Items from a dataset:
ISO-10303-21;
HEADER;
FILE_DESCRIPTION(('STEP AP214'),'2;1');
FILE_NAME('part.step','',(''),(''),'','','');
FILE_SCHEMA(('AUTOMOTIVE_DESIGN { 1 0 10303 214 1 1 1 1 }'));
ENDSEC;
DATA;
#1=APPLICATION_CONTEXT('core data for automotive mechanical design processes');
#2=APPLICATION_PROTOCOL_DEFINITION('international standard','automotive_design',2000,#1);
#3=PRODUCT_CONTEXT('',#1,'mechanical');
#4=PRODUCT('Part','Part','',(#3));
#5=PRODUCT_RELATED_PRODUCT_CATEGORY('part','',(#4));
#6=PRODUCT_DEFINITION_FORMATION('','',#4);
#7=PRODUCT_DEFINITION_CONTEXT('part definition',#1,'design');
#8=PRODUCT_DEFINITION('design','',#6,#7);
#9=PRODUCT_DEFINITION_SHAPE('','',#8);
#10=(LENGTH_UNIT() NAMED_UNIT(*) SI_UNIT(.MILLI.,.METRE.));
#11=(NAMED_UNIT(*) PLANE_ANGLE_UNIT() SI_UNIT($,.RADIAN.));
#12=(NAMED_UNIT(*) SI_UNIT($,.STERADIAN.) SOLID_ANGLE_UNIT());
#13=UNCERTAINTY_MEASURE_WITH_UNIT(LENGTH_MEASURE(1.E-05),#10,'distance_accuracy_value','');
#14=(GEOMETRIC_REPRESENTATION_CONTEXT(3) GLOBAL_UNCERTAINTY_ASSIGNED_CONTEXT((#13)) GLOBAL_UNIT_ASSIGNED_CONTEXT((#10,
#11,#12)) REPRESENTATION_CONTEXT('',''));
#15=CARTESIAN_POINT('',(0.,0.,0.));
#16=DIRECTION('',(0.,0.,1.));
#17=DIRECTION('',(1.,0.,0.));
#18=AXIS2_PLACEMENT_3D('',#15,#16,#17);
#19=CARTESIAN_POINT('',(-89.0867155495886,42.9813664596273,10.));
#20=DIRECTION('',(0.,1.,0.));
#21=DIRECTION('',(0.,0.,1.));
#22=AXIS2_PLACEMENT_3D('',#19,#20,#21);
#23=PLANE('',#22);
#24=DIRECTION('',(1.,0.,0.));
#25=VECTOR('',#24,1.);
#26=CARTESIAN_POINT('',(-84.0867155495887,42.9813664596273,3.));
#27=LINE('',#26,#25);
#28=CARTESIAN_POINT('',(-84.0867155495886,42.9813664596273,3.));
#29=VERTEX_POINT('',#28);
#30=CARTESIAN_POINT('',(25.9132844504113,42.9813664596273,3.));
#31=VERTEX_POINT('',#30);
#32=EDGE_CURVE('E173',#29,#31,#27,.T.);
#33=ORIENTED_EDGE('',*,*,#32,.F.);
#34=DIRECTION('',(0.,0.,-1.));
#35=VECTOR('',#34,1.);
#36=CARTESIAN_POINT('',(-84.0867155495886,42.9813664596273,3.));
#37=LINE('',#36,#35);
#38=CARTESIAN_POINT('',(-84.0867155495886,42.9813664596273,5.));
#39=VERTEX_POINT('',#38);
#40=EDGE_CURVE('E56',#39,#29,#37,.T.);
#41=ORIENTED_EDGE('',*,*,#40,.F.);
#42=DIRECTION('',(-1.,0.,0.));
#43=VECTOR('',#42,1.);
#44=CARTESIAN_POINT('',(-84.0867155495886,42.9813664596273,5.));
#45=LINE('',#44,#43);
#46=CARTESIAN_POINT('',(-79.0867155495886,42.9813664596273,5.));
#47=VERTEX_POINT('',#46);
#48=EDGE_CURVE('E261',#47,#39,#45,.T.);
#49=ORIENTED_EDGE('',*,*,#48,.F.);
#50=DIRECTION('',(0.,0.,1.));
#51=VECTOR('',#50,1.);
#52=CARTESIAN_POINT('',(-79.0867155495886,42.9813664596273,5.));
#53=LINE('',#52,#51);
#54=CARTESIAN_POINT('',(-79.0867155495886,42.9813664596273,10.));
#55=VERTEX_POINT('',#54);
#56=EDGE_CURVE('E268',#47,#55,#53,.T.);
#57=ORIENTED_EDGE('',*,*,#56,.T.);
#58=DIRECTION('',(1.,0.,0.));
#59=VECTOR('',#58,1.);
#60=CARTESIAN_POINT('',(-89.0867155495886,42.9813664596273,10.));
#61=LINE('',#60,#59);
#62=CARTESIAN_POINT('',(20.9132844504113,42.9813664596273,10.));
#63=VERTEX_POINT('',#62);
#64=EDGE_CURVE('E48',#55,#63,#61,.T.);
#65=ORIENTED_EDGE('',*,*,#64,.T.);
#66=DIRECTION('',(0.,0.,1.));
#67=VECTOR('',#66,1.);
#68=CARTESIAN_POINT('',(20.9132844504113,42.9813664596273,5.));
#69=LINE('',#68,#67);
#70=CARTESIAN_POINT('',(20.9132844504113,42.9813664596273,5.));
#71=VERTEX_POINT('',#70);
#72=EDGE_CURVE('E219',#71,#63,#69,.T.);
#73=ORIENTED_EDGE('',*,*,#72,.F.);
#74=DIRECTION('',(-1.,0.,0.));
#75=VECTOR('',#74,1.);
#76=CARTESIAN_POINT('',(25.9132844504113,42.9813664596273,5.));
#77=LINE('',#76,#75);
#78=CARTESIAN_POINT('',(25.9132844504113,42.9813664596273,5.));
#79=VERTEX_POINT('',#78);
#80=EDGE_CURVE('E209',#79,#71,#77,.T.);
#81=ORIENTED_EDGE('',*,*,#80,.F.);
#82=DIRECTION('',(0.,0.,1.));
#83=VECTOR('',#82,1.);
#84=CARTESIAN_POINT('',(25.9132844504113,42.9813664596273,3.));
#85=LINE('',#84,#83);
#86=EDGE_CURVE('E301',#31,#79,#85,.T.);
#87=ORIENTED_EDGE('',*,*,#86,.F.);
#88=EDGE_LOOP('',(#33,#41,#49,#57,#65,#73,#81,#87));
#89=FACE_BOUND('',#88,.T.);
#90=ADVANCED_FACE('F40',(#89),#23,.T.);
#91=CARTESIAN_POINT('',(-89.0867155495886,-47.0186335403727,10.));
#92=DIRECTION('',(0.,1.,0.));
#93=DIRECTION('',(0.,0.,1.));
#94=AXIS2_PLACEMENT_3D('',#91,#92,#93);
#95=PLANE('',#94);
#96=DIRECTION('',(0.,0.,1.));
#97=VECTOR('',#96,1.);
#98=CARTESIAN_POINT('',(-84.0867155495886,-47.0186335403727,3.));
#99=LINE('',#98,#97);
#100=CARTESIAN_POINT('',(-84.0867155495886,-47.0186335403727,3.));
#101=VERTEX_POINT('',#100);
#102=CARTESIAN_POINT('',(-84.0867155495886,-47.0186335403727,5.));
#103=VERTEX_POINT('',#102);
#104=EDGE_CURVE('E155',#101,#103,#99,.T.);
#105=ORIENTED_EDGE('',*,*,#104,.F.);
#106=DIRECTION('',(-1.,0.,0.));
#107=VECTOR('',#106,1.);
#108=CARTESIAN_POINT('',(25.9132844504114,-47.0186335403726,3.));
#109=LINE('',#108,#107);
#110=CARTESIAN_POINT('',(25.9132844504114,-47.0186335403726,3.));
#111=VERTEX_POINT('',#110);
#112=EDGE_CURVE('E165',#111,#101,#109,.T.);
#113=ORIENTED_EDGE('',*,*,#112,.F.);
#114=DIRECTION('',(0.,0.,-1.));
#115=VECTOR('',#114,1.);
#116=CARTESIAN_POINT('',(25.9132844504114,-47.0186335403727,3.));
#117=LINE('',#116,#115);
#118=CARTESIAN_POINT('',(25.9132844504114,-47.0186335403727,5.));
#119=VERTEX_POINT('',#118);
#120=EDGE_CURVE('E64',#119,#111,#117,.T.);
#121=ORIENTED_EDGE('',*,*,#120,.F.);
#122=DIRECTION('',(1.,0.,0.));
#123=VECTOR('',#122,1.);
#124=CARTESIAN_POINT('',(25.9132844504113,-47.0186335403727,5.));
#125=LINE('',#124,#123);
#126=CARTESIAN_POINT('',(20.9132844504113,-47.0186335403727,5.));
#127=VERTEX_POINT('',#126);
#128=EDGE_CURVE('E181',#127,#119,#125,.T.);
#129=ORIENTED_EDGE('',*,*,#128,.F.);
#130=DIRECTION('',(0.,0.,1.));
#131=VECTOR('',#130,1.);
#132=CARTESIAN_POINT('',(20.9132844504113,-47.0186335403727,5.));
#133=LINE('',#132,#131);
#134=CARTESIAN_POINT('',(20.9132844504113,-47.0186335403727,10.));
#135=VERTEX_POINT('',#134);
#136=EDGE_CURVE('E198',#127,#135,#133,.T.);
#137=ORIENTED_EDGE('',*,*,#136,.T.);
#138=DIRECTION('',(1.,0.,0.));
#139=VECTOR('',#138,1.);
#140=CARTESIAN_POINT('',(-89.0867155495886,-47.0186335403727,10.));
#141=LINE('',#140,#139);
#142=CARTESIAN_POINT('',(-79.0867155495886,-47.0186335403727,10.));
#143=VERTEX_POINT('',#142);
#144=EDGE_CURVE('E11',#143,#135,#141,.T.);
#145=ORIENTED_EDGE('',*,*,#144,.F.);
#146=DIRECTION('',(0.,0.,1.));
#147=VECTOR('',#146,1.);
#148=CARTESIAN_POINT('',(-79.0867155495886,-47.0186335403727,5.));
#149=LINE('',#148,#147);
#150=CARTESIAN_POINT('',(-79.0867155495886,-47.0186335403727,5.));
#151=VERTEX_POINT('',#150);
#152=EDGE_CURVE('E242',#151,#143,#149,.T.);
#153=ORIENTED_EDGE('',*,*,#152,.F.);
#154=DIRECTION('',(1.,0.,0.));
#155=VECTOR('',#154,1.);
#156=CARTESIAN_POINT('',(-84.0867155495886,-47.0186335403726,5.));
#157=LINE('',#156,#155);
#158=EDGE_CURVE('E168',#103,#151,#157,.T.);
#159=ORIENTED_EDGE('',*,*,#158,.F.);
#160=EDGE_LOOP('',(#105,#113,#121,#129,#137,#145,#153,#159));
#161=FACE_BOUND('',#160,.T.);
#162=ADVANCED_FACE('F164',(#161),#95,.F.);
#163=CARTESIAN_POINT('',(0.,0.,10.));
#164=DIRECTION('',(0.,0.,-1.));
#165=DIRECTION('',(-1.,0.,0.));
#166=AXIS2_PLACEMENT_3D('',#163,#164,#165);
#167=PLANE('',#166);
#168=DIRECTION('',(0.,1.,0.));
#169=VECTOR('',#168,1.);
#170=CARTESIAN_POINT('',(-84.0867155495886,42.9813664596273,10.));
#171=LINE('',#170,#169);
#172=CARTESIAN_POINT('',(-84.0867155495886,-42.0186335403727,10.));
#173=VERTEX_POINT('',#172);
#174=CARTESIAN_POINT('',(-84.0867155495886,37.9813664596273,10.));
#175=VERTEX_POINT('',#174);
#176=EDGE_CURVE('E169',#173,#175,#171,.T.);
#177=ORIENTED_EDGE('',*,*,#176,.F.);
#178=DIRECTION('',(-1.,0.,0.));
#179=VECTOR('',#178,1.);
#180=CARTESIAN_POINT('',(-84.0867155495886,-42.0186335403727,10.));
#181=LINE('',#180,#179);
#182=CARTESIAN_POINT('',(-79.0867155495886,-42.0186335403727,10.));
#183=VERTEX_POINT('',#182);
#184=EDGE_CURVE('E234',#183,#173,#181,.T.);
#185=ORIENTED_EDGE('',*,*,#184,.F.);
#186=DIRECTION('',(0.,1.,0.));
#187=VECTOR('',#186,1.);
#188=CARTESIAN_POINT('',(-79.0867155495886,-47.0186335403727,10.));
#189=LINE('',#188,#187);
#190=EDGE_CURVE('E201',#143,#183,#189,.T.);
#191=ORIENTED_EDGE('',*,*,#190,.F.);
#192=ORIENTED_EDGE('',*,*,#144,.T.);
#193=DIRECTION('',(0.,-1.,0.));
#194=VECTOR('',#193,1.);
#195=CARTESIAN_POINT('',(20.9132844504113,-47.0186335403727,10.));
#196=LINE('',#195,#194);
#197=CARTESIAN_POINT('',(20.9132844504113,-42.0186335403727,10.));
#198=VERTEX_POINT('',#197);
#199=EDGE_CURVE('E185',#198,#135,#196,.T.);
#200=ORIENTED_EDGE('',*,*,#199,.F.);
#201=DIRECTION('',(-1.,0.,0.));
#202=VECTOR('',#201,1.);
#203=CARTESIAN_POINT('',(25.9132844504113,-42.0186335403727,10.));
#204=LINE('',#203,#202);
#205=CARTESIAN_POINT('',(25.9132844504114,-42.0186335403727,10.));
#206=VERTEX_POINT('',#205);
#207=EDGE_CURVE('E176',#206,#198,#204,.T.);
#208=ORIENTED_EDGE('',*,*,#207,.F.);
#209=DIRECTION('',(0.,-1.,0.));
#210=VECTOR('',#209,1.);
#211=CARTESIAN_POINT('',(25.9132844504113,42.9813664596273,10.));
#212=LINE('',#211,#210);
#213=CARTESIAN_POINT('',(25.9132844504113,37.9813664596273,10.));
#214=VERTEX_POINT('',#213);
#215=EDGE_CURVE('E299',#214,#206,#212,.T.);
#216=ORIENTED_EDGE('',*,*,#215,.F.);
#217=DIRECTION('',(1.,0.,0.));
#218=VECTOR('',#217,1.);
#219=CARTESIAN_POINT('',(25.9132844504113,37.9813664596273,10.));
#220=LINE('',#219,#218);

Your objective: Given the data above, transcribe exactly the lines from the one containing "#46=CARTESIAN_POINT('',(-79.0867155495886,42.9813664596273,5.));" down to the one containing "#63=VERTEX_POINT('',#62);", and no others.

Output for this task:
#46=CARTESIAN_POINT('',(-79.0867155495886,42.9813664596273,5.));
#47=VERTEX_POINT('',#46);
#48=EDGE_CURVE('E261',#47,#39,#45,.T.);
#49=ORIENTED_EDGE('',*,*,#48,.F.);
#50=DIRECTION('',(0.,0.,1.));
#51=VECTOR('',#50,1.);
#52=CARTESIAN_POINT('',(-79.0867155495886,42.9813664596273,5.));
#53=LINE('',#52,#51);
#54=CARTESIAN_POINT('',(-79.0867155495886,42.9813664596273,10.));
#55=VERTEX_POINT('',#54);
#56=EDGE_CURVE('E268',#47,#55,#53,.T.);
#57=ORIENTED_EDGE('',*,*,#56,.T.);
#58=DIRECTION('',(1.,0.,0.));
#59=VECTOR('',#58,1.);
#60=CARTESIAN_POINT('',(-89.0867155495886,42.9813664596273,10.));
#61=LINE('',#60,#59);
#62=CARTESIAN_POINT('',(20.9132844504113,42.9813664596273,10.));
#63=VERTEX_POINT('',#62);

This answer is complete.